Authors Ngadimon IW, Islahudin F, Hatah E, Mohamed Shah N, Makmor-Bakry M

Received 13 February 2015

Accepted for publication 8 April 2015

Published 13 May 2015 Volume 2015:9 Pages 665—673

DOI https://doi.org/10.2147/PPA.S82844

Checked for plagiarism Yes

Review by Single-blind

Peer reviewer comments 6

Editor who approved publication: Dr Johnny Chen

Irma Wati Ngadimon, Farida Islahudin, Ernieda Hatah, Noraida Mohamed Shah, Mohd Makmor-Bakry

Faculty of Pharmacy, Universiti Kebangsaan Malaysia, Kuala Lumpur, Malaysia

Background: The purpose of this study was to establish baseline information on the current level of knowledge about, attitude toward, and experience with antibiotic usage, and preferences for shared decision making among adolescents in Malaysia.
Methods: A cross-sectional survey, involving 1,105 respondents who were aged between 13 and 17 years and who lived in Malaysia, was conducted using a validated questionnaire.

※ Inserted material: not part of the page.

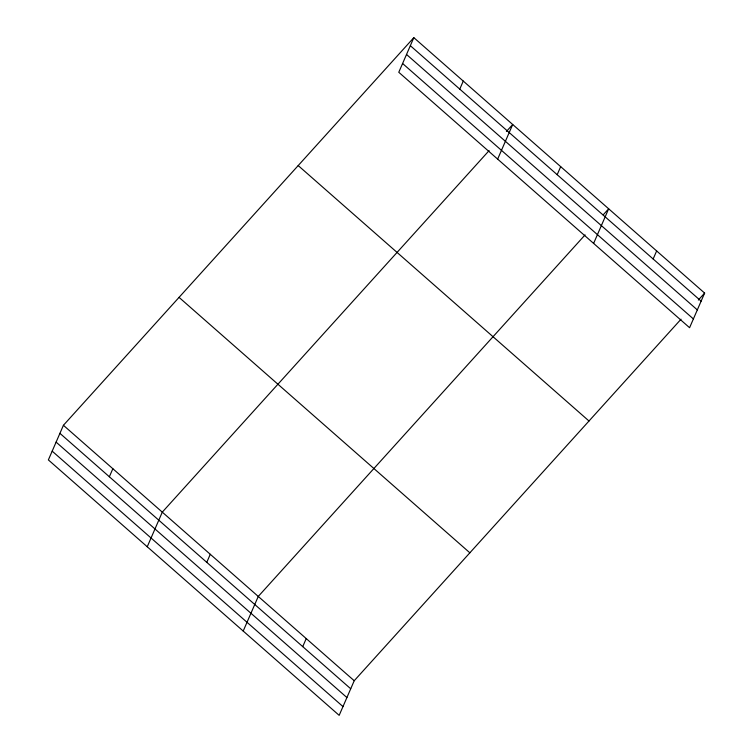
<?xml version="1.0" encoding="UTF-8"?>
<svg xmlns="http://www.w3.org/2000/svg" width="753" height="753" viewBox="0 0 753 753"><rect width="100%" height="100%" fill="white"/><g stroke="black" fill="none" stroke-linecap="round" stroke-linejoin="round"><path stroke-width="1.13" d="M413.83 37.65L398.779 72.269L689.579 327.706L704.629 293.086L413.83 37.65L63.421 425.294L48.371 459.914L339.17 715.35L354.221 680.731L681.032 319.197M109.354 476.771L112.856 468.724M147.24 546.763L162.29 512.144L489.102 150.609M206.774 562.34L210.275 554.293M459.772 89.118L463.264 81.07M243.2 631.052L258.26 596.442L585.072 234.898M497.648 159.118L512.708 124.499L506.411 131.464M302.734 646.629L306.236 638.591M557.182 174.696L560.684 166.648M593.618 243.407L608.669 208.788L603.162 214.887M653.152 258.985L656.644 250.937M698.332 300.052L704.629 293.086M410.338 45.698L701.128 301.134M406.526 54.461L697.316 309.897M402.591 63.497L693.391 318.933M298.197 165.575L588.997 421.012M179.054 297.379L469.853 552.806M63.421 425.294L354.221 680.731M59.92 433.342L350.719 688.779M56.108 442.115L346.907 697.551M52.183 451.151L342.982 706.578"/></g></svg>

The survey assessed knowledge, attitude, and experience with regard to antibiotic usage, and adolescents’ preferences for the style of shared decision-making process.
Results: The majority (n=786 [71.13%]) of the respondents had a low level of knowledge, 296 (26.79%) had a moderate level of knowledge, and 23 (2.08%) had a high level of knowledge. Further, they demonstrated a slightly negative attitude mean score of 3.30±0.05 (range: 0–8 points) but a positive experience mean score of 2.90±0.029 (range: 0–4 points). There was a positive correlation between knowledge and attitude scores, with a higher knowledge level associated with a more positive attitude toward antibiotic usage (r=0.257, P<0.001). Higher knowledge scores were associated with a more negative experience with antibiotic usage (r=-0.83, P=0.006). When assessing preference in shared decision making, more adolescents preferred an active role (n=408 [37%]) compared with collaborative (n=360 [32.6%]) or passive (n=337 [30.5%]) (P=0.028) roles.
Conclusion: Current health care settings should involve adolescents in the decision-making process. Education packages can be introduced to improve adolescents’ knowledge of and practice of taking antibiotics, as well as to encourage their participation in decision making, in an attempt to reduce misuse of antibiotics.